The state evaluation should reflect the early state change of the equipment, and the emphasis is not to judge the developed fault. Therefore, useful components (characteristic quantities) in the monitored quantity are very weak (to reflect early abnormality of an object), and for early detection of abnormality of the phase modulator, weak characteristic signals in strong quantity are needed to be analyzed, so that extraction of the weak characteristic signals in the strong interference is also a key point and a difficulty point of phase modulator state evaluation.

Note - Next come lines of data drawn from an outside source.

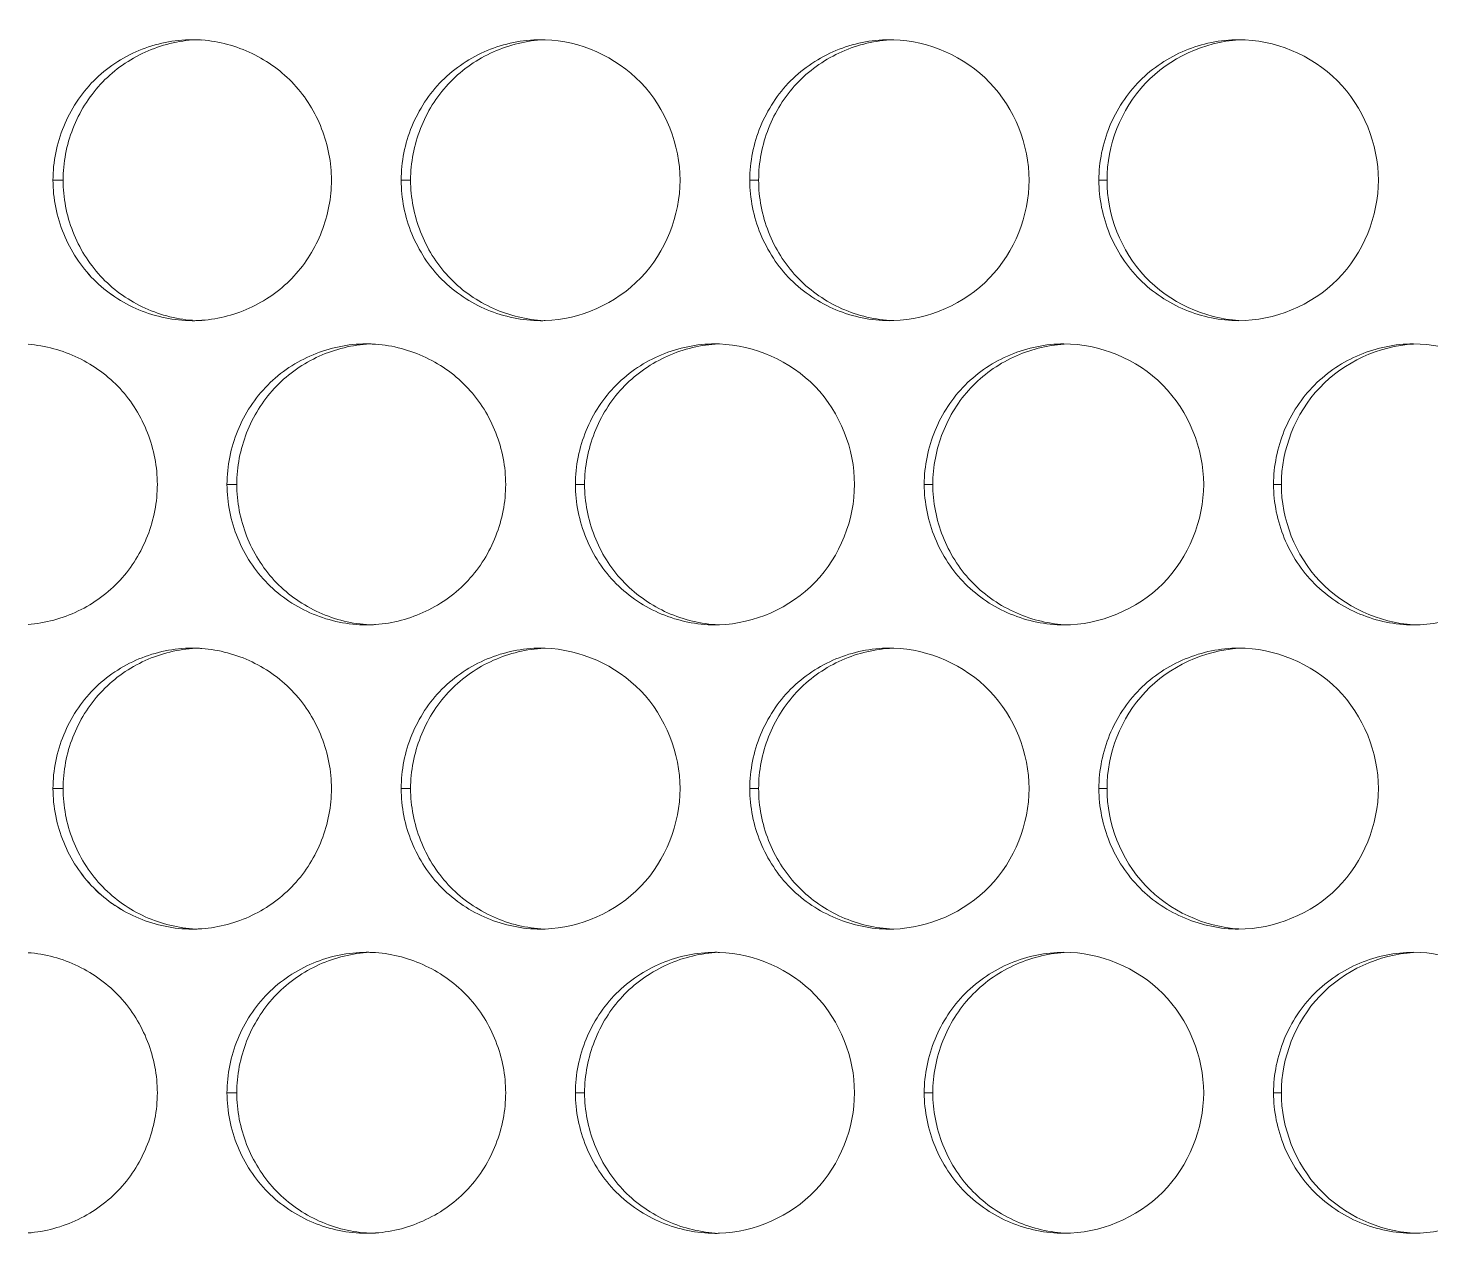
# Model space of a CAD drawing. Header units: millimetres. Extents: x 1177 to 4147, y 93 to 2194.
# Drawn here: x 1696.71 to 1726.67, y 1791.03 to 1817.01 of the extents above; entities that cross this region are included whole.
import ezdxf

# ---------------------------------------------------------------- set-up
doc = ezdxf.new("R2010")
doc.units = ezdxf.units.MM
doc.header["$LTSCALE"] = 0.1
doc.layers.get('0').update_dxf_attribs({"lineweight": 13})
doc.layers.add('标注', color=251, linetype='Continuous', lineweight=9)

msp = doc.modelspace()

# ---------------------------------------------------------------- linework, layer by layer
for radius, start, end in [(196.75, 204.56225, 43.01001), (177.334, 204.90538, 48.55999), (177.047, 204.9052, 48.6494), (168.077, 204.78787, 51.55568), (165.455, 204.70676, 52.44821), (156.5, 204.24844, 55.64881), (156.25, 204.23139, 55.74165), (155.11, 204.1505, 56.16753), (155, 204.14243, 56.20879)]:
    msp.add_arc((1812.49, 1686.895), radius, start, end)
at = {"layer": '标注'}
for p, q in [((1697.462, 1813.76), (1697.246, 1813.76)), ((1697.462, 1813.76), (1697.246, 1813.76)), ((1704.884, 1813.76), (1704.682, 1813.76)), ((1704.884, 1813.76), (1704.682, 1813.76)), ((1712.316, 1813.76), (1712.127, 1813.76)), ((1712.316, 1813.76), (1712.127, 1813.76)), ((1719.756, 1813.76), (1719.582, 1813.76)), ((1719.756, 1813.76), (1719.582, 1813.76)), ((1701.172, 1807.265), (1700.962, 1807.265)), ((1708.599, 1807.265), (1708.403, 1807.265)), ((1716.035, 1807.265), (1715.853, 1807.265)), ((1723.479, 1807.265), (1723.312, 1807.265)), ((1697.462, 1800.77), (1697.246, 1800.77)), ((1697.462, 1800.77), (1697.246, 1800.77)), ((1704.884, 1800.77), (1704.682, 1800.77)), ((1704.884, 1800.77), (1704.682, 1800.77)), ((1712.316, 1800.77), (1712.127, 1800.77)), ((1712.316, 1800.77), (1712.127, 1800.77)), ((1719.756, 1800.77), (1719.582, 1800.77)), ((1719.756, 1800.77), (1719.582, 1800.77)), ((1701.172, 1794.275), (1700.962, 1794.275)), ((1708.599, 1794.275), (1708.403, 1794.275)), ((1716.035, 1794.275), (1715.853, 1794.275)), ((1723.479, 1794.275), (1723.312, 1794.275))]:
    msp.add_line(p, q, dxfattribs=at)
for centre, radius, start, end in [((1700.219, 1813.956), 2.804, 87.8277, 89.9975), ((1700.219, 1813.956), 2.804, 87.8277, 89.9975), ((1700.217, 1813.92), 2.84, 85.8355, 87.828), ((1700.217, 1813.92), 2.84, 85.8355, 87.828), ((1707.659, 1813.95), 2.81, 87.977, 89.9978), ((1707.659, 1813.95), 2.81, 87.977, 89.9978), ((1715.108, 1813.945), 2.815, 88.1254, 89.9981), ((1715.108, 1813.945), 2.815, 88.1254, 89.9981), ((1700.219, 1813.564), 2.804, 270.0025, 272.1723), ((1700.219, 1813.564), 2.804, 270.0025, 272.1723), ((1700.217, 1813.6), 2.84, 272.172, 274.1645), ((1700.217, 1813.6), 2.84, 272.172, 274.1645), ((1707.659, 1813.57), 2.81, 270.0022, 272.023), ((1707.659, 1813.57), 2.81, 270.0022, 272.023), ((1715.108, 1813.576), 2.815, 270.0019, 271.8746), ((1715.108, 1813.576), 2.815, 270.0019, 271.8746), ((1703.938, 1807.458), 2.807, 87.9025, 89.9977), ((1703.936, 1807.423), 2.842, 85.9783, 87.9027), ((1711.382, 1807.452), 2.813, 88.0513, 89.998), ((1703.938, 1807.072), 2.807, 270.0023, 272.0975), ((1703.936, 1807.107), 2.842, 272.0973, 274.0217), ((1711.382, 1807.078), 2.813, 270.002, 271.9487), ((1700.219, 1800.966), 2.804, 87.8277, 89.9975), ((1700.219, 1800.966), 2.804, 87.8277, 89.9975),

In addition, most of the existing phase modulator state evaluation methods are based on the current situation evaluation of real-time data, and the effective prediction evaluation of the phase modulator state evaluation is more important for early diagnosis and early warning.
Disclosure of Invention
In order to overcome the defects in the prior art, the application provides a phase modulator state evaluation method and system based on fuzzy reasoning.
In order to achieve the above purpose, the invention adopts the following technical scheme:
a phase modulator state estimation method based on fuzzy inference, the method comprising the steps of:
step 1: screening a characteristic factor set for phase modifier state evaluation according to parameters of the running state of the phase modifier;
step 2: determining an evaluation set according to the operation state type of the phase modifier;
and step 3: acquiring historical operating state data of a phase modulator, and establishing a membership function of each characteristic factor of the phase modulator;
and 4, step 4: determining influence factors and weights by adopting a weighted voting method based on a phase modulator running stable state curve evaluated by different factors;
and 5: acquiring recent historical operating data of the influence factors as a training set, and training a membership function by combining the weights of the influence factors;
step 6: combining fuzzy logic reasoning with a neural network, establishing a fuzzy neural network model of the phase modulator in the operation process, and simulating and predicting data of different characteristic factors in the camera operation process by adopting the fuzzy neural network model;
and 7: and (6) predicting and evaluating the phase modifier state by adopting the trained membership function and the data in the step 6, and realizing evaluation and early warning of different operation state types.
Preferably, the characteristic factor set obtained by screening in step 1 comprises current, voltage, temperature and vibration signals of a phase modulator;
in step 2, an evaluation set { stable, unstable and unstable } is determined according to the stable, unstable and unstable operation state types of the phase modulator.
Preferably, step 3 specifically comprises:
step 3.1: acquiring a recent historical operating data set of a phase modulator to be evaluated;
step 3.2: clustering the data set to obtain a clustering center point of each characteristic factor;
step 3.3: obtaining cluster center points of different running states of each characteristic factor according to the running state type corresponding to the data set;
step 3.4: and 3.3, establishing a membership function of each characteristic factor of the phase modulator according to the clustering center point in the step 3.3.
Preferably, a fuzzy C-means clustering method is used for clustering in step 3.2.
Preferably, the membership function of step 3 is a gaussian membership function.
Preferably, in step 4, different characteristic factors are combined to form a plurality of comparison factor sets, stable state curves evaluated by the different comparison factor sets are obtained, the variation trend of the comparison curves is analyzed, sensitive factors in stability judgment are screened as influence factors by adopting a weighted voting method, and the weight of the influence factors is set according to the sensitivity degree.
Preferably, in step 4, the screening determines the influence factors as voltage, temperature and vibration signals, with weights optimally assigned to 0.2, 0.5 and 0.3.
Preferably, in step 6, different neural networks and fuzzy logic reasoning are respectively adopted to combine to establish a fuzzy neural network model, and according to the dynamic prediction result of the photographic camera operation data, data prediction models of different characteristic factors are determined, specifically:
and respectively predicting different characteristic factors of the camera by adopting fuzzy neural network models obtained according to different neural networks, comparing the predicted value with the actual value, calculating a correlation coefficient, a mean value and a variance thereof, and screening and determining data prediction models of different characteristic factors according to the correlation coefficient, the mean value and the variance thereof.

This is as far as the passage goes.